Microsoft Research unveiled the new operating system, Singularity, as a prototype aimed at academics and researchers.
Nancy Gohring, IDG News
Microsoft showed off a new operating system on Tuesday, but don't get too excited. 

Think of Singularity as "a concept-car OS," said Rick Rashid, general director of Microsoft Research. Microsoft is making the prototype OS available free to the academic and research communities in the hope that they'll use it to develop new kinds of computer architectures. 

It's difficult for the academic community to experiment with computer architectures, he said. Singularity is designed to make it easier for researchers to test how operating systems and applications interact with each other, he said. 

"It's a new system built from the ground up, with the specific goal of being more reliable," Rashid said. Microsoft hopes that Singularity will help improve software reliability and boost research in programming languages and tools. 

Singularity is available on Microsoft's CodePlex Web site. It was unveiled on Tuesday at TechFest, Microsoft's annual showcase of projects from its research division. 

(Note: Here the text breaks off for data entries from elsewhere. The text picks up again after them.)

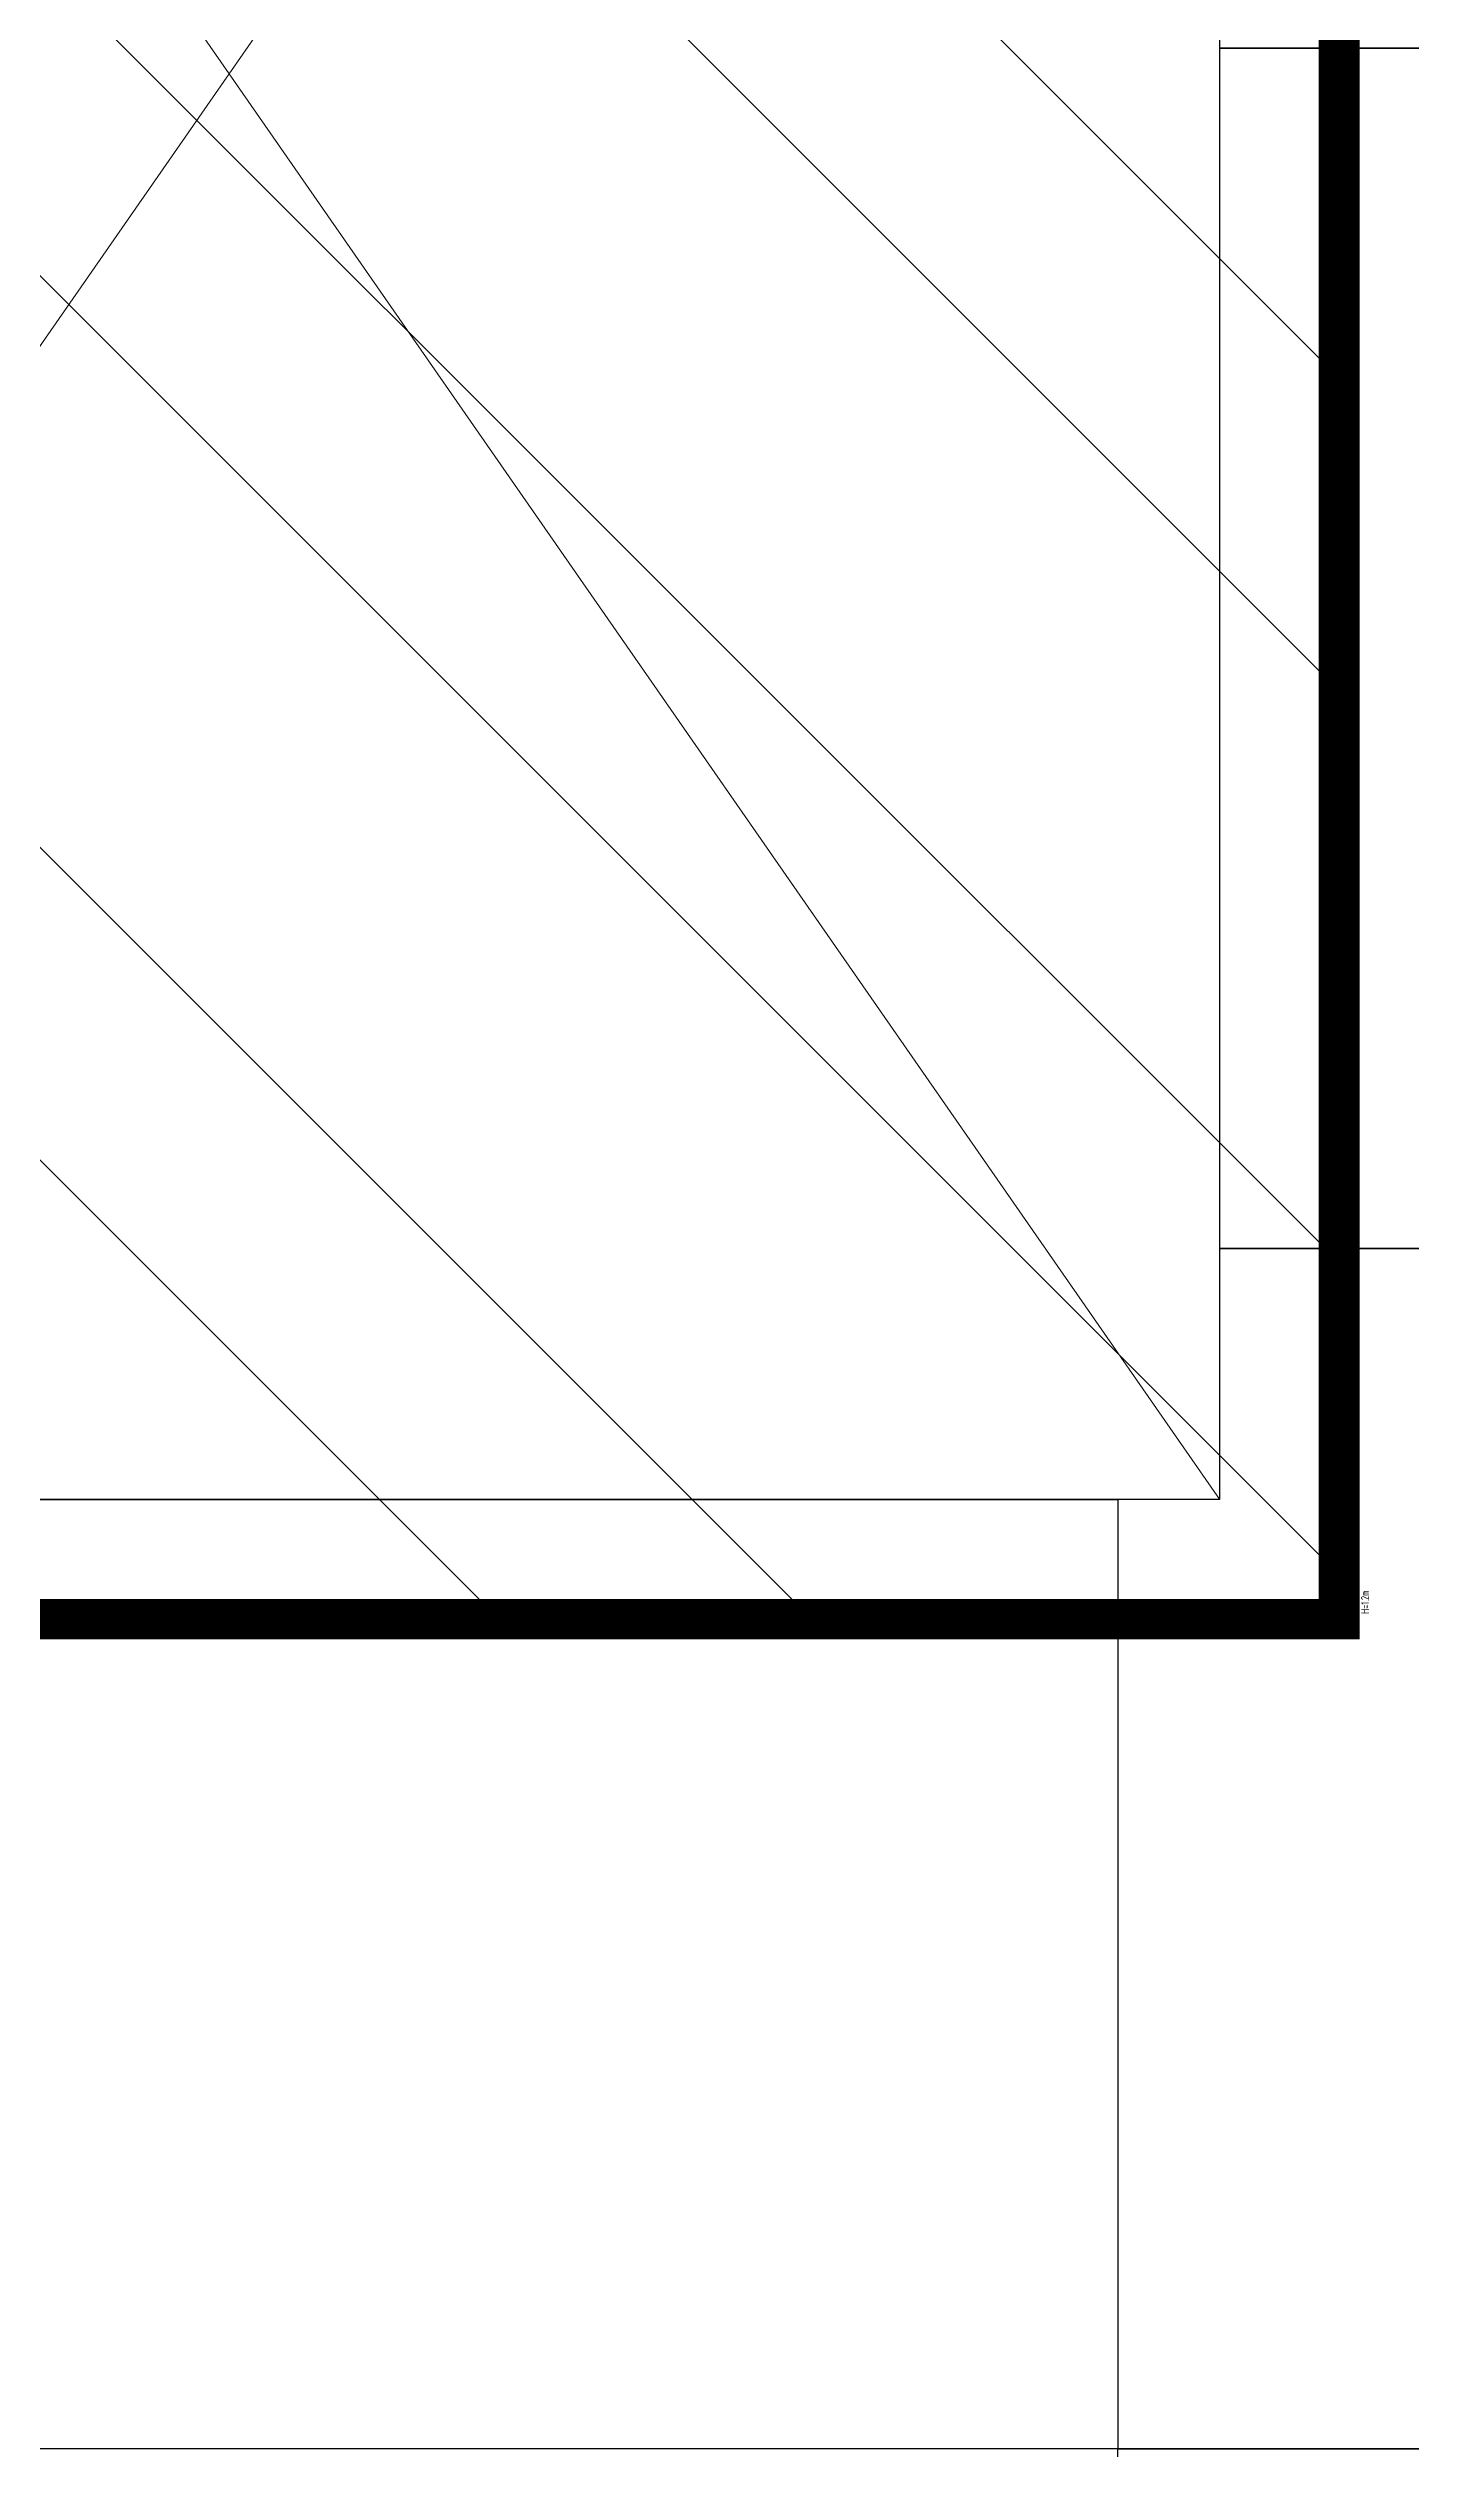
# Model space of a CAD drawing. Extents: x -32000 to 290600, y -96057 to 131250.
# Drawn here: x 205265 to 205946, y 81000 to 82200 of the extents above; entities that cross this region are included whole.
import ezdxf
from ezdxf.enums import TextEntityAlignment as Align

# ---------------------------------------------------------------- set-up
doc = ezdxf.new("R2010")
doc.units = 0
for name, color, linetype in [('H12PL3$0$S-SLAB-SHOW', 252, 'Continuous'), ('XFDR30-50K$0$A-R-Plan', 9, 'Continuous'), ('XFDR30-50K$0$A-R-Plan (50K_Abnormal)', 9, 'Continuous'), ('XFDR30-50K$0$A-Safety', 9, 'XFDR30-50K$0$FENCELINE-1'), ('XFDR30-50K$0$A-STEEL SHEET_STK', 9, 'Continuous')]:
    doc.layers.add(name, color=color, linetype=linetype)
doc.styles.add('XFDR30-50K$0$AA-TXT', font='isocp.shx', dxfattribs={"bigfont": 'chineset.shx'})
doc.linetypes.add('XFDR30-50K$0$FENCELINE-1', pattern='A,0.25,-0.1,[133,ltypeshp.shx,S=0.1,R=0,X=-0.1,Y=0],-0.1,0.19', length=0.64)

# ---------------------------------------------------------------- blocks, each defined once
blk = doc.blocks.new('H12PL3')
at = {"layer": 'H12PL3$0$S-SLAB-SHOW', "lineweight": 0}
blk.add_lwpolyline([(204860.78, 82899.64), (205850.79, 82899.64), (205850.79, 81474.64), (204860.78, 81474.64)], close=True, dxfattribs=at)
for points in [[(204860.78, 82899.64), (205850.79, 81474.64)], [(205850.79, 82899.64), (204860.78, 81474.64)]]:
    blk.add_lwpolyline(points, dxfattribs=at)
blk = doc.blocks.new('*U222')
h = blk.add_hatch()
h.set_pattern_fill('STEEL', color=256, scale=250, angle=270, style=0)
h.set_pattern_definition([(315, (-8876, -10240), (22.09709, 22.09709), []), (315, (-8860.375, -10240), (22.09709, 22.09709), [])])
h.paths.add_polyline_path([(0, 152.5), (0, 0), (109, 0), (109, 147.5), (109, 147.5), (109, 152.5)])
blk.add_lwpolyline([(0, 152.5), (0, 0), (109, 0), (109, 147.5), (109, 147.5), (109, 152.5), (0, 152.5)])
blk = doc.blocks.new('*U227')
at = {"ltscale": 0.5, "const_width": 0.5}
blk.add_lwpolyline([(0, 0), (0, 28.25)], dxfattribs=at)
at = {"color": 1, "style": 'XFDR30-50K$0$AA-TXT', "width": 0.8}
for tag, p in [('高度(H) m', (0.226, 0.07)), ('NO.', (0.076, 0.07))]:
    blk.add_attdef(tag, text='', height=0.1, rotation=90, dxfattribs=at).set_placement(p, align=Align.MIDDLE_LEFT)
blk = doc.blocks.new('*U226')
at = {"ltscale": 0.5, "const_width": 0.5}
blk.add_lwpolyline([(0, 0), (0, 38.875)], dxfattribs=at)
at = {"color": 1, "style": 'XFDR30-50K$0$AA-TXT', "width": 0.8}
for tag, p in [('高度(H) m', (0.226, 0.07)), ('NO.', (0.076, 0.07))]:
    blk.add_attdef(tag, text='', height=0.1, rotation=90, dxfattribs=at).set_placement(p, align=Align.MIDDLE_LEFT)
blk = doc.blocks.new('XFDR30-50K')
at = {"layer": 'XFDR30-50K$0$A-R-Plan'}
for p, q in [((243101, 81000), (174600, 81000)), ((205800, 80400), (205800, 81000, 0))]:
    blk.add_line(p, q, dxfattribs=at)
at = {"layer": 'XFDR30-50K$0$A-R-Plan (50K_Abnormal)', "elevation": 0}
for points in [[(205850.8, 82200), (206400, 82200), (206400, 82800), (205850.8, 82800)], [(205850.8, 81600), (206400, 81600), (206400, 82200), (205850.8, 82200)], [(206400, 81000), (206400, 81600), (205850.8, 81600), (205850.8, 81474.6), (205800, 81474.6), (205800, 81000)], [(205200, 81474.6), (205800, 81474.6), (205800, 81000), (205200, 81000)]]:
    blk.add_lwpolyline(points, close=True, dxfattribs=at)
at = {"layer": 'XFDR30-50K$0$A-Safety'}
ref = blk.add_blockref('*U226', (205910.8, 81414.6), dxfattribs=dict(at, xscale=40, yscale=40, zscale=40))
ref.add_attrib('高度(H) m', 'H=1.2m', dxfattribs={"layer": '0', "color": 1, "height": 4, "rotation": 90, "style": 'XFDR30-50K$0$AA-TXT', "width": 0.8}).set_placement((205923.5, 81417.4), align=Align.MIDDLE_LEFT)
ref = blk.add_blockref('*U227', (204790.8, 81414.6), dxfattribs=dict(at, xscale=40, yscale=40, zscale=40, rotation=270))
ref.add_attrib('高度(H) m', 'H=1.2m', dxfattribs={"layer": '0', "color": 1, "height": 4, "style": 'XFDR30-50K$0$AA-TXT', "width": 0.8}).set_placement((204812.2, 81402), align=Align.MIDDLE_LEFT)
at = {"layer": 'XFDR30-50K$0$A-STEEL SHEET_STK', "xscale": 10, "yscale": 10, "zscale": 10, "rotation": 180}
blk.add_blockref('*U222', (205900.8, 82949.6), dxfattribs=at)

msp = doc.modelspace()

# ---------------------------------------------------------------- block references
for name in ['H12PL3', 'XFDR30-50K']:
    msp.add_blockref(name, (0, 0))

doc.saveas('drawing.dxf')

Rashid also showed off BEE3, a hardware project that Microsoft designed with researchers at the University of California, Berkeley to let researchers experiment with computer architectures. "The idea behind it is to build a computer system that is configurable," Rashid said. "You can program this computer to be another computer or do another kind of architecture or experiment with new kinds of algorithms," he said.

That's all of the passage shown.